Now we'll need some type-level matrices. For any square matrix, we need a type-level function to give its dimension and another to access its (i, j)-th element:

> type family Dim x :: *
> type family (:!) x ij :: *

(Thanks to Brent's tutorial that code is much better than how it used to look.)

We can now define matrix addition through pointwise addition of the elements:

> data (:+) m n
> type instance Dim (m :+ n) = Dim m
> type instance (m :+ n) :! ij = Either (m :! ij) (n :! ij)

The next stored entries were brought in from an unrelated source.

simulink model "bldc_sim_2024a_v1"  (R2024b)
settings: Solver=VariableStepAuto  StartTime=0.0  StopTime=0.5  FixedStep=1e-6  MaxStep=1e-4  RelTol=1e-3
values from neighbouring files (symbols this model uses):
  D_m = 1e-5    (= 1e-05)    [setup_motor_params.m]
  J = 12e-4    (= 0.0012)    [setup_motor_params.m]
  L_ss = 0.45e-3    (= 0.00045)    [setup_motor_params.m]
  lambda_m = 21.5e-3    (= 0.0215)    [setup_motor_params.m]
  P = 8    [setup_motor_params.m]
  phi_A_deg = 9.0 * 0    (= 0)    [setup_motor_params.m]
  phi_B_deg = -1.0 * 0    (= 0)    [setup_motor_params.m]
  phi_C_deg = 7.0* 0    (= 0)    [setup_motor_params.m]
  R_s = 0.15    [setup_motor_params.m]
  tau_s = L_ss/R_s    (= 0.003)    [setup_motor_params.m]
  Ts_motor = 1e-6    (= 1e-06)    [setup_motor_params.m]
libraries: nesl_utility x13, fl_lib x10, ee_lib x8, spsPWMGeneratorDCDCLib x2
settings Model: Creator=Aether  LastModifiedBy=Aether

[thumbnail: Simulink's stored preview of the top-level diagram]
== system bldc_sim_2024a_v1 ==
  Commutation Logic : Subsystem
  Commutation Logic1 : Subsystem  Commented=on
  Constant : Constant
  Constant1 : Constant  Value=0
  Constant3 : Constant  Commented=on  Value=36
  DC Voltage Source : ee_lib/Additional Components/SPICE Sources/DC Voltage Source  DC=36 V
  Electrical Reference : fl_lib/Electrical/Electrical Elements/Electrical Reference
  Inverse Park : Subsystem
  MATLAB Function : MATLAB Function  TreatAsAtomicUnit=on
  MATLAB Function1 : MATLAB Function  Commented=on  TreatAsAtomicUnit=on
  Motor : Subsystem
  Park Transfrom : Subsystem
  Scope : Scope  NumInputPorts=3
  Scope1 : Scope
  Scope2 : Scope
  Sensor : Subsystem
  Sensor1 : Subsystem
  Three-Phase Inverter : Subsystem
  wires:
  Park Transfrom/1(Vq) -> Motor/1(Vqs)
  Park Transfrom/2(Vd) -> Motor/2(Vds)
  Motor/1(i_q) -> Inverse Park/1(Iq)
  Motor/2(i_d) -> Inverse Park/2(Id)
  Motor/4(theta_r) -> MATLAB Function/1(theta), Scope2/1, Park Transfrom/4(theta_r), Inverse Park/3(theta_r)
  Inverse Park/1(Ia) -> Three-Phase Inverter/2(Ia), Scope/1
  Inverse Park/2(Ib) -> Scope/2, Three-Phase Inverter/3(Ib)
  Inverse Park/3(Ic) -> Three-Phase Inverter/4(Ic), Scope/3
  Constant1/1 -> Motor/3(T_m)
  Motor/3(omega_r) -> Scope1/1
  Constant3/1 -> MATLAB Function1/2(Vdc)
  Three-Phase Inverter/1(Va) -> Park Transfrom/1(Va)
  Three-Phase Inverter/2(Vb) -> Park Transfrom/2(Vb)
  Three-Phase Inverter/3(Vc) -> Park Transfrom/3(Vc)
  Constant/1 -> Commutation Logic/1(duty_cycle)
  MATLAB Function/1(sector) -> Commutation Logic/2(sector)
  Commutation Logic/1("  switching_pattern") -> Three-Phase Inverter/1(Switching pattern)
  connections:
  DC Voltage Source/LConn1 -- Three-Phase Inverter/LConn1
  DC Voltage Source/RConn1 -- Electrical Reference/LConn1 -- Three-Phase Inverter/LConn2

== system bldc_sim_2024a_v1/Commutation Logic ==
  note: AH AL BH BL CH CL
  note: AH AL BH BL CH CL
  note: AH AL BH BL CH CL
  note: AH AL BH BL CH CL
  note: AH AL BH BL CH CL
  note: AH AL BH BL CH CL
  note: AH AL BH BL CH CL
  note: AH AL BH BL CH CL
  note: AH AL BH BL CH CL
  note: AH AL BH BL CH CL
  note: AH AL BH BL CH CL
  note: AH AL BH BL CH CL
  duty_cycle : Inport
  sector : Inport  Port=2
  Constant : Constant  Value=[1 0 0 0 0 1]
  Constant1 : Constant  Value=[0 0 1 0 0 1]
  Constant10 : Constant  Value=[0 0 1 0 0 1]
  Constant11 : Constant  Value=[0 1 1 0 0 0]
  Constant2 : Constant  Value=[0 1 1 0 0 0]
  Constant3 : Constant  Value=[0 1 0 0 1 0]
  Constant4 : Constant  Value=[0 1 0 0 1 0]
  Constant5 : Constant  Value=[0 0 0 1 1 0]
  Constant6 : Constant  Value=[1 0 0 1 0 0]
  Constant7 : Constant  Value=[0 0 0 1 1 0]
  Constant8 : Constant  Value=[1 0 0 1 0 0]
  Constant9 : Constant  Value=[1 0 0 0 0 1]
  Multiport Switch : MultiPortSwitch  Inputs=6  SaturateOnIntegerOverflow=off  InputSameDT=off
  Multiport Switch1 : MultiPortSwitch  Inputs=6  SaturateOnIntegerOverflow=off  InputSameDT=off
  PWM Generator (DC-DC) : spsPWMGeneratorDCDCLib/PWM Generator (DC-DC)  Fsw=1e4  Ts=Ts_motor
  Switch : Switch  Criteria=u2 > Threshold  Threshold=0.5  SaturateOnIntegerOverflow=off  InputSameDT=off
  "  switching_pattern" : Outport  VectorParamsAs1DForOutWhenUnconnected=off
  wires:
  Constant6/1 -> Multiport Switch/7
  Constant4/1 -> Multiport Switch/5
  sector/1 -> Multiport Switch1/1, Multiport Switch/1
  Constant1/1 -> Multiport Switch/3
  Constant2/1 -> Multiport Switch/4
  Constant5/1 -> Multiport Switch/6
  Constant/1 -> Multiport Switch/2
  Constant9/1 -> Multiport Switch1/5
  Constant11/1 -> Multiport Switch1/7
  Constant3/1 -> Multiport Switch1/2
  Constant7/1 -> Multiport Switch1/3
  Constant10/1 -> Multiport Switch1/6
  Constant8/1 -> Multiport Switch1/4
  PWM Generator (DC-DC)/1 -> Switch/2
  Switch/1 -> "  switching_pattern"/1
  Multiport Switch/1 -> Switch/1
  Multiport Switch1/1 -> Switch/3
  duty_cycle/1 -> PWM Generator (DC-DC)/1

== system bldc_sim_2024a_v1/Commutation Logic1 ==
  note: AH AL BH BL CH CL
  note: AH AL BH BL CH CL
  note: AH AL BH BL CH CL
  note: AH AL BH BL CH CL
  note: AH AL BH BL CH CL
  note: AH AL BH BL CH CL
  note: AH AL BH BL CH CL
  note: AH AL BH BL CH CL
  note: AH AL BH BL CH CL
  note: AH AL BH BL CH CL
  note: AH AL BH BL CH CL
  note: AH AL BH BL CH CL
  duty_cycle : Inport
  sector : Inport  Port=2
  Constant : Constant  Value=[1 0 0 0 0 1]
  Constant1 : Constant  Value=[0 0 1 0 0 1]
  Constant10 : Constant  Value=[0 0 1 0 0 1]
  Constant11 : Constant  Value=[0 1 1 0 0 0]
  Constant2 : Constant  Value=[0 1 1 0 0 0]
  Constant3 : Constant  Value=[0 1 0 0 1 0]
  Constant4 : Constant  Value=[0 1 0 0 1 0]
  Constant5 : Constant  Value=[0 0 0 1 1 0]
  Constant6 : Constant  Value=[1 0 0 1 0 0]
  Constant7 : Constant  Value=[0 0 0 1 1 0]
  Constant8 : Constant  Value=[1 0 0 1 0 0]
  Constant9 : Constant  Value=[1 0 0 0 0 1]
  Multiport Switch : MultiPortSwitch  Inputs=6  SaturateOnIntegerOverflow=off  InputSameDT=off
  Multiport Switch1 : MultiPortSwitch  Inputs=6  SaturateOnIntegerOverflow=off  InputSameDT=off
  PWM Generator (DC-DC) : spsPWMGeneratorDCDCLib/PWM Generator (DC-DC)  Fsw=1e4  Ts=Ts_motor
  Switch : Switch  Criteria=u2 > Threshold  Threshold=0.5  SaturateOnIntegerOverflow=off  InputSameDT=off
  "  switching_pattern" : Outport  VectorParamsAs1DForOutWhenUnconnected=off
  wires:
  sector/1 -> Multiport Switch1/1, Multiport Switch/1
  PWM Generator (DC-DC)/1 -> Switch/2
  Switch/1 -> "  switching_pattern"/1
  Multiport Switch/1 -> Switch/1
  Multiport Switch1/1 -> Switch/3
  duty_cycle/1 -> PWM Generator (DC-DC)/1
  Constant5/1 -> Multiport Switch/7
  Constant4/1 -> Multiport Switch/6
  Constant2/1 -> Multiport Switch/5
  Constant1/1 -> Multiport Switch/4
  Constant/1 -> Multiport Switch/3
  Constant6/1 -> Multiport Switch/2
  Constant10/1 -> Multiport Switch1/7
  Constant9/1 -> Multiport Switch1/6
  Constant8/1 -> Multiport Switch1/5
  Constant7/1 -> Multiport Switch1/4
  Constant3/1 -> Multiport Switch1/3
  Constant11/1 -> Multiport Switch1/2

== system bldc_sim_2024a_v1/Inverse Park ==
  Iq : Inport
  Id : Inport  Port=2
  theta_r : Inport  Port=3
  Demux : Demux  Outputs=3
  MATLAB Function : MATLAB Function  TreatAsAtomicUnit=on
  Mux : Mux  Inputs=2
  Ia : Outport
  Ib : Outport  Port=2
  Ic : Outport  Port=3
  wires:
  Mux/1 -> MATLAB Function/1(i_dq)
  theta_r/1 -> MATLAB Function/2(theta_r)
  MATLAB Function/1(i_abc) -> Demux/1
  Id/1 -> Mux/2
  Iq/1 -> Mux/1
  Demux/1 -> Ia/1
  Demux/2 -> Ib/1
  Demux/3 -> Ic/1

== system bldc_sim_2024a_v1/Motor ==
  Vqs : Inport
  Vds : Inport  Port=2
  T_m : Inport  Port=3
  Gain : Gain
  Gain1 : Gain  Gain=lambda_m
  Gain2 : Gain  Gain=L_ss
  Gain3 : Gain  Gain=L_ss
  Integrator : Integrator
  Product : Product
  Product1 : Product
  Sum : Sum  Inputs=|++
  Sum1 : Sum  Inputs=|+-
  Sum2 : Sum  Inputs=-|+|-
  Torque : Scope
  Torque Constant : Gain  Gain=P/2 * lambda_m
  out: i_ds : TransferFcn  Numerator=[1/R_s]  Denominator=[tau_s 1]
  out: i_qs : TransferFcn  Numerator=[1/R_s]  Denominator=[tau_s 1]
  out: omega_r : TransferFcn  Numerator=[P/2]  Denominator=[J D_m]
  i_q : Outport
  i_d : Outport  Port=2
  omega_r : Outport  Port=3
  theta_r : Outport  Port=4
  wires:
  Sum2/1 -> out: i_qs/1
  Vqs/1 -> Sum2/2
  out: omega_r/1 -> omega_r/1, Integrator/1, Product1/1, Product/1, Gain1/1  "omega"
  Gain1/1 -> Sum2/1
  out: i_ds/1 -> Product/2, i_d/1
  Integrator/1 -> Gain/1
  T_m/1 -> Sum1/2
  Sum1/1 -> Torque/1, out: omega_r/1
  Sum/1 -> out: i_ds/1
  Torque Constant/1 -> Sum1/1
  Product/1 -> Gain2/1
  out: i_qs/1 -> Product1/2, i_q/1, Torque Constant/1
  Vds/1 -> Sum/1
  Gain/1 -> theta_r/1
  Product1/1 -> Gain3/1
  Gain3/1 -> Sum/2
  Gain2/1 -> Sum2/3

And similarly we can define multiplication. I'm using the type-level function Product' to perform the loop required in the definition of matrix multiplication:

> data (:*) m n
> type instance Dim (m :* n) = Dim m
> type instance (m :* n) :! ij = Product' I0 (Dim m) m n :! ij

> data Product' i k m n
> type instance Product' p I1 m n :! (i, j) = (m :! (i, p), n :! (p, j))
> type instance Product' p (S (S c)) m n :! (i, j) = Either
>    (m :! (i, p), n :! (p, j))
>    (Product' (S p) (S c) m n :! (i, j))

(Weird seeing all that familiar matrix multiplication code at the type level.)

Now we need some types to represent our functors:

> data I
> data X
> data Y
> data K n
> data (f :+: g)
> data (f :*: g)
> data F m f

(I think phantom empty data types should be called ethereal types.)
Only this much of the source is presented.